(Source data)
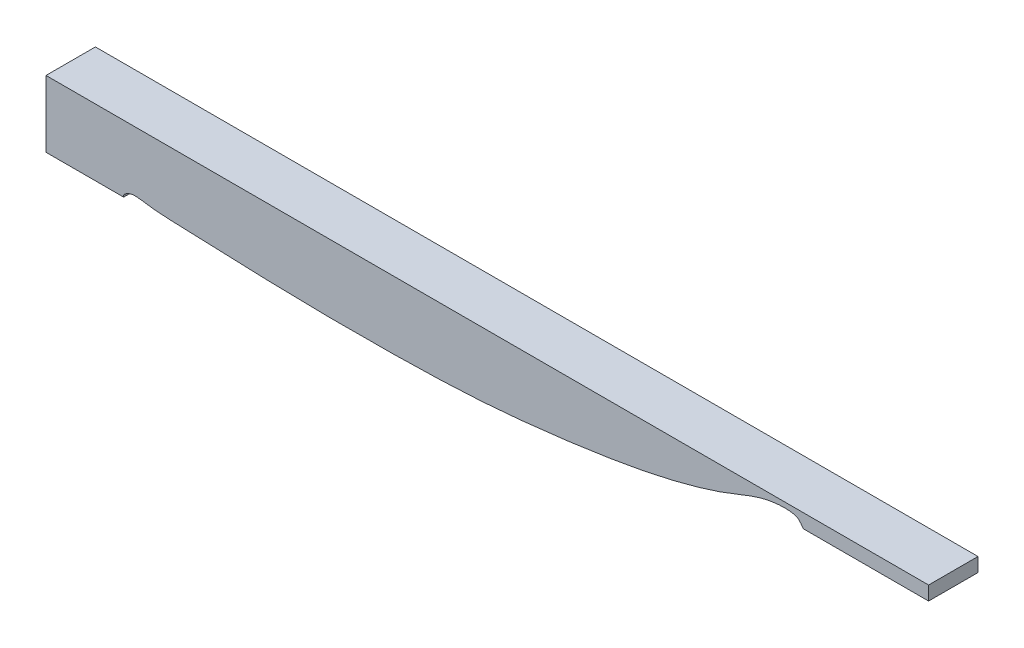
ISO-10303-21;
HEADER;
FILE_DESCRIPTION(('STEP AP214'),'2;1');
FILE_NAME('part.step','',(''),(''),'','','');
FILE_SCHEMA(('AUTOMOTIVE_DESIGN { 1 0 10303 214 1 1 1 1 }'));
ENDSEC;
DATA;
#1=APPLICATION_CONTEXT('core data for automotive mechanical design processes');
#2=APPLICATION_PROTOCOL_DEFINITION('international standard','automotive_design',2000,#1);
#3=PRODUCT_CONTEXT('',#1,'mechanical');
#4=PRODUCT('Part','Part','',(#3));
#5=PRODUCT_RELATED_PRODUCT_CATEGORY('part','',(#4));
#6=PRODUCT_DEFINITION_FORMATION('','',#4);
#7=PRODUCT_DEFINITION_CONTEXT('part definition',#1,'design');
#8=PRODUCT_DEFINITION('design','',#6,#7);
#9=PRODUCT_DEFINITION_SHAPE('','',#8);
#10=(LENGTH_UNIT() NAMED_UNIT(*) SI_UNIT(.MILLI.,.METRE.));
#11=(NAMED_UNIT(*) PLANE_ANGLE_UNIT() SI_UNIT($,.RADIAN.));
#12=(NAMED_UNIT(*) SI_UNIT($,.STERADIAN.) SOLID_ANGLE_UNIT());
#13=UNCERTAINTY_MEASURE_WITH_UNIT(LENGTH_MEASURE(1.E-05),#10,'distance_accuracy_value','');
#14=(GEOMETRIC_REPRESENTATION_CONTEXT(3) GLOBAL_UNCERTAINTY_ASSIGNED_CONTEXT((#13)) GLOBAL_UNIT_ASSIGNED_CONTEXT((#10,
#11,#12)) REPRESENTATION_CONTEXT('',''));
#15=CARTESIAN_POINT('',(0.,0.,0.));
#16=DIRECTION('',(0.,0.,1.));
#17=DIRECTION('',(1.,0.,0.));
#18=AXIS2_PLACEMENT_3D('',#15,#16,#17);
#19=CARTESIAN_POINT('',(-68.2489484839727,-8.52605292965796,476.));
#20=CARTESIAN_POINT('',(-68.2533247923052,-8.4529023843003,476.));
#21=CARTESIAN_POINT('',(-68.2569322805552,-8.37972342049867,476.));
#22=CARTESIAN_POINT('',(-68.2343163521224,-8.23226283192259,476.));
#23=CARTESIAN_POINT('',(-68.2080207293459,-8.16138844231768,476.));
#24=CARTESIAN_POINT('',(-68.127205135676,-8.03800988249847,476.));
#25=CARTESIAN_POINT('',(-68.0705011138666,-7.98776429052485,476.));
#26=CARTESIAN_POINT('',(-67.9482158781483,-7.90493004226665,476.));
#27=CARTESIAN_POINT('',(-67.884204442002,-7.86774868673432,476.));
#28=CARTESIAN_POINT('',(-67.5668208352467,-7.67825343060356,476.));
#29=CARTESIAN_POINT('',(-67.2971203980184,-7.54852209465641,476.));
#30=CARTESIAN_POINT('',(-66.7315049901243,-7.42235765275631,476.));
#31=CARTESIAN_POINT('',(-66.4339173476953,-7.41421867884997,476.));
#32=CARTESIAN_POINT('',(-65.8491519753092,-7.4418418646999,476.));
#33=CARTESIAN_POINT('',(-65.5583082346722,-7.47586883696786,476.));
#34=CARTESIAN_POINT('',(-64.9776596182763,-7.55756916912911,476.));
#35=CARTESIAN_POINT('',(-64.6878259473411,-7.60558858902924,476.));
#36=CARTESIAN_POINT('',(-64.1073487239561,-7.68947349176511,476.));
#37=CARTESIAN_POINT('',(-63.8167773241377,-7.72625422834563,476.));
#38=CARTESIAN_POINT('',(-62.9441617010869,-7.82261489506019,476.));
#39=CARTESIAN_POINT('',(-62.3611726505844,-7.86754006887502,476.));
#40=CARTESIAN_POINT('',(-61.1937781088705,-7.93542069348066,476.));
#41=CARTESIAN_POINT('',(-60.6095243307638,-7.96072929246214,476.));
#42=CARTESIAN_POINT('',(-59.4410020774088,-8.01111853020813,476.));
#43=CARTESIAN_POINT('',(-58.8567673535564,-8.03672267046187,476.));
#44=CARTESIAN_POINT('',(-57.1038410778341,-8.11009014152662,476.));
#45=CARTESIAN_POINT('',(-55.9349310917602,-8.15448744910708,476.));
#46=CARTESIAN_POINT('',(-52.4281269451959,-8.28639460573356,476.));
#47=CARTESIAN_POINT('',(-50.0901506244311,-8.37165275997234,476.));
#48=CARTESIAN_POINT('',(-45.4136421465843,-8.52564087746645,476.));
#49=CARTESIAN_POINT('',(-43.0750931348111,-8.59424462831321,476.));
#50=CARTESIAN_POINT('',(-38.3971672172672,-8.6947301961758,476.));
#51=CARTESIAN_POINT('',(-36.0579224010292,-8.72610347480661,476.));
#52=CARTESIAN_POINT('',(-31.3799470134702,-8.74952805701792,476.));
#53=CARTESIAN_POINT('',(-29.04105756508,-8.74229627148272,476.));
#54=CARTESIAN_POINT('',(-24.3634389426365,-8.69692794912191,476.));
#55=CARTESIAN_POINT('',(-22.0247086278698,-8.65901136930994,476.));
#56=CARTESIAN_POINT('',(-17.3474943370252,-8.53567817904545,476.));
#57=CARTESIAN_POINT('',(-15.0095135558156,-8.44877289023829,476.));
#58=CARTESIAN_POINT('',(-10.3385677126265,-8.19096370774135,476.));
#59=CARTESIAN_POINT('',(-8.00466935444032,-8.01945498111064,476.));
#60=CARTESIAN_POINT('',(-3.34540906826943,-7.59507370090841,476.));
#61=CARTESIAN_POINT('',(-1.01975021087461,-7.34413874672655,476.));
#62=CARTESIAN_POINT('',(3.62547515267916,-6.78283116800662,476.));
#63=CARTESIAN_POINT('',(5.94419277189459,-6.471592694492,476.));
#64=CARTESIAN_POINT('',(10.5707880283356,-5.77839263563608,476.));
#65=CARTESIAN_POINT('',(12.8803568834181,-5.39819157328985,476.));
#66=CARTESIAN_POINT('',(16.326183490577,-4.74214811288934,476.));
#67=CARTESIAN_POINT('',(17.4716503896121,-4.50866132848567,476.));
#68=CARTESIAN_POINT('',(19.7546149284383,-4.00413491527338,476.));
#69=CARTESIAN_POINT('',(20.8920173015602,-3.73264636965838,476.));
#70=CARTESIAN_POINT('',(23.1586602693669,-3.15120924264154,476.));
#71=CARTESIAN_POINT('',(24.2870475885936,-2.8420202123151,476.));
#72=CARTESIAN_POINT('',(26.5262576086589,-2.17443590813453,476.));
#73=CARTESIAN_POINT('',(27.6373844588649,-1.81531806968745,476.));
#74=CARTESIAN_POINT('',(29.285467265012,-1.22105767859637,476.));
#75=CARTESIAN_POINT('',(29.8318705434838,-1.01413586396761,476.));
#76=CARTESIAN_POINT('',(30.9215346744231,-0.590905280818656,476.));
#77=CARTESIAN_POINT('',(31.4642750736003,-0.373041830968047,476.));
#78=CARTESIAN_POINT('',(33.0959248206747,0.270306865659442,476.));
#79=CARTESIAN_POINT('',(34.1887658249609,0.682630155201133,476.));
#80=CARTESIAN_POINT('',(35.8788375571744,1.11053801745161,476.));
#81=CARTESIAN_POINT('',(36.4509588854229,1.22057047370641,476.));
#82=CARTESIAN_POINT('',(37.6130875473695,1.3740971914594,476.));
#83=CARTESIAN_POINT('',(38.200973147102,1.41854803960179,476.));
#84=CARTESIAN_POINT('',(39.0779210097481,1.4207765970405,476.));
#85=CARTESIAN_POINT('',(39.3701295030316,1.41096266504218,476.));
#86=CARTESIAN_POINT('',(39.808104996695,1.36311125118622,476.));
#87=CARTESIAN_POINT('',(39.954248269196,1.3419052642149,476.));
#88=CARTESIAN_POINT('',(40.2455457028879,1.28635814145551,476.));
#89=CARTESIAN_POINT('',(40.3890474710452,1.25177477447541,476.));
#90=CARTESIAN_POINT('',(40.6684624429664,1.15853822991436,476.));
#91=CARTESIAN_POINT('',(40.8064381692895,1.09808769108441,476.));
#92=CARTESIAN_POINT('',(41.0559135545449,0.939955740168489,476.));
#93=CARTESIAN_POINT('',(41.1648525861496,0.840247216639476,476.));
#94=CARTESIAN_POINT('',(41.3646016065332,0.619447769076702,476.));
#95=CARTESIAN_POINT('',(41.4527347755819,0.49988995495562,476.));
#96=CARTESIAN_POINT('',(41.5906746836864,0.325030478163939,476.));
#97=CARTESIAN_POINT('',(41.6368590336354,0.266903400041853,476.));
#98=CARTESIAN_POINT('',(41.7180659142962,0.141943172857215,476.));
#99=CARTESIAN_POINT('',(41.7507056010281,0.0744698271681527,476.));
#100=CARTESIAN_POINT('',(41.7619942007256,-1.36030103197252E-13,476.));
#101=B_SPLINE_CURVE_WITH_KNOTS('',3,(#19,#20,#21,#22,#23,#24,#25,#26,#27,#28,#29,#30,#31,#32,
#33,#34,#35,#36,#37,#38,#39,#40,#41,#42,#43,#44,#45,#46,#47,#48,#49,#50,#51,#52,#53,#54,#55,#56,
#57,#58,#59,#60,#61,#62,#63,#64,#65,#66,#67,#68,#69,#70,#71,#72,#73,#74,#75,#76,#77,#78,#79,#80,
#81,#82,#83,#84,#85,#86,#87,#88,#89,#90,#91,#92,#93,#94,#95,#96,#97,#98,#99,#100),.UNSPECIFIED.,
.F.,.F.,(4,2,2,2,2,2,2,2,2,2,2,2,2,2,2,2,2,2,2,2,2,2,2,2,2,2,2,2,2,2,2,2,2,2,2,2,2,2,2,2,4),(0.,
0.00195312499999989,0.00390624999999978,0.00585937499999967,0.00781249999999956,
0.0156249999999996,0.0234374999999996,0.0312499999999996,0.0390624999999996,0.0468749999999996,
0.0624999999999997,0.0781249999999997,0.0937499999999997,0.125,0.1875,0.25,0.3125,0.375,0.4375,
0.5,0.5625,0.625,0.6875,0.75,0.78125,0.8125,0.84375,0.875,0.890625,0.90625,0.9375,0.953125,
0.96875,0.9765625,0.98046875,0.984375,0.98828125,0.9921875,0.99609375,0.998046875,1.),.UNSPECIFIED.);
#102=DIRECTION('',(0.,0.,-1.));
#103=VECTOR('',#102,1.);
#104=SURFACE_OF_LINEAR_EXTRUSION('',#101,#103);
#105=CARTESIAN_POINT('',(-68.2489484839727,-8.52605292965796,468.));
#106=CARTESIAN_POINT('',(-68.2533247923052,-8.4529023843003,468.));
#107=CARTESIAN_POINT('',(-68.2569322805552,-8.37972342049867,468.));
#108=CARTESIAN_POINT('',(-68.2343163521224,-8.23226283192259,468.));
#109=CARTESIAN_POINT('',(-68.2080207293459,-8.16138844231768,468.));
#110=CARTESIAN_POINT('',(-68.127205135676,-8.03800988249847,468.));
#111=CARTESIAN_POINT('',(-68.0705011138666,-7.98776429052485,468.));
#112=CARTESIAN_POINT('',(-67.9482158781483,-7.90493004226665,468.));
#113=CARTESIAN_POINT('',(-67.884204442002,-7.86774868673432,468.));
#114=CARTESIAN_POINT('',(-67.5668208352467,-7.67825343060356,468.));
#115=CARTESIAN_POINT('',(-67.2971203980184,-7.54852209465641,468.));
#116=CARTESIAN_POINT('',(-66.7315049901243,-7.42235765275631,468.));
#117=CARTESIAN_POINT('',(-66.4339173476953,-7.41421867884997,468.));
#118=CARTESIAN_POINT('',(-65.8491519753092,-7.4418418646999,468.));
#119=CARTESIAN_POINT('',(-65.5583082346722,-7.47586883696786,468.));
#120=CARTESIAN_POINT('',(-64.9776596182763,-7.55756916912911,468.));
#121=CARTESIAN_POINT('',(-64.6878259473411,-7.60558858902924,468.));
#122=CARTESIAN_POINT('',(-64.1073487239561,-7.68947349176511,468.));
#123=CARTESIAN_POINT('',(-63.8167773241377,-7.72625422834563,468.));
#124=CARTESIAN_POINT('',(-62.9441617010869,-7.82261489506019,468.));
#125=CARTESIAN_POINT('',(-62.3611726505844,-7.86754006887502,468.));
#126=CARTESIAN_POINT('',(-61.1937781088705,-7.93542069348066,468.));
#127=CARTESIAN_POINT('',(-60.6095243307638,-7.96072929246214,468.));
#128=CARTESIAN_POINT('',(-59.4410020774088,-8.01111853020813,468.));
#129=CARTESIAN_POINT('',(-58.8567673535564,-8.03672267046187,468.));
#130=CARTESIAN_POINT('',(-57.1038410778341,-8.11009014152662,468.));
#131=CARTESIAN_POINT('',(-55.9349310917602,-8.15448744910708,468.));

What needs to be done. For this exercise, please output exactly the lines above starting at the line with "#5=PRODUCT_RELATED_PRODUCT_CATEGORY('part','',(#4));" and ending at the line with "#12=(NAMED_UNIT(*) SI_UNIT($,.STERADIAN.) SOLID_ANGLE_UNIT());", ends included.

Task response.
#5=PRODUCT_RELATED_PRODUCT_CATEGORY('part','',(#4));
#6=PRODUCT_DEFINITION_FORMATION('','',#4);
#7=PRODUCT_DEFINITION_CONTEXT('part definition',#1,'design');
#8=PRODUCT_DEFINITION('design','',#6,#7);
#9=PRODUCT_DEFINITION_SHAPE('','',#8);
#10=(LENGTH_UNIT() NAMED_UNIT(*) SI_UNIT(.MILLI.,.METRE.));
#11=(NAMED_UNIT(*) PLANE_ANGLE_UNIT() SI_UNIT($,.RADIAN.));
#12=(NAMED_UNIT(*) SI_UNIT($,.STERADIAN.) SOLID_ANGLE_UNIT());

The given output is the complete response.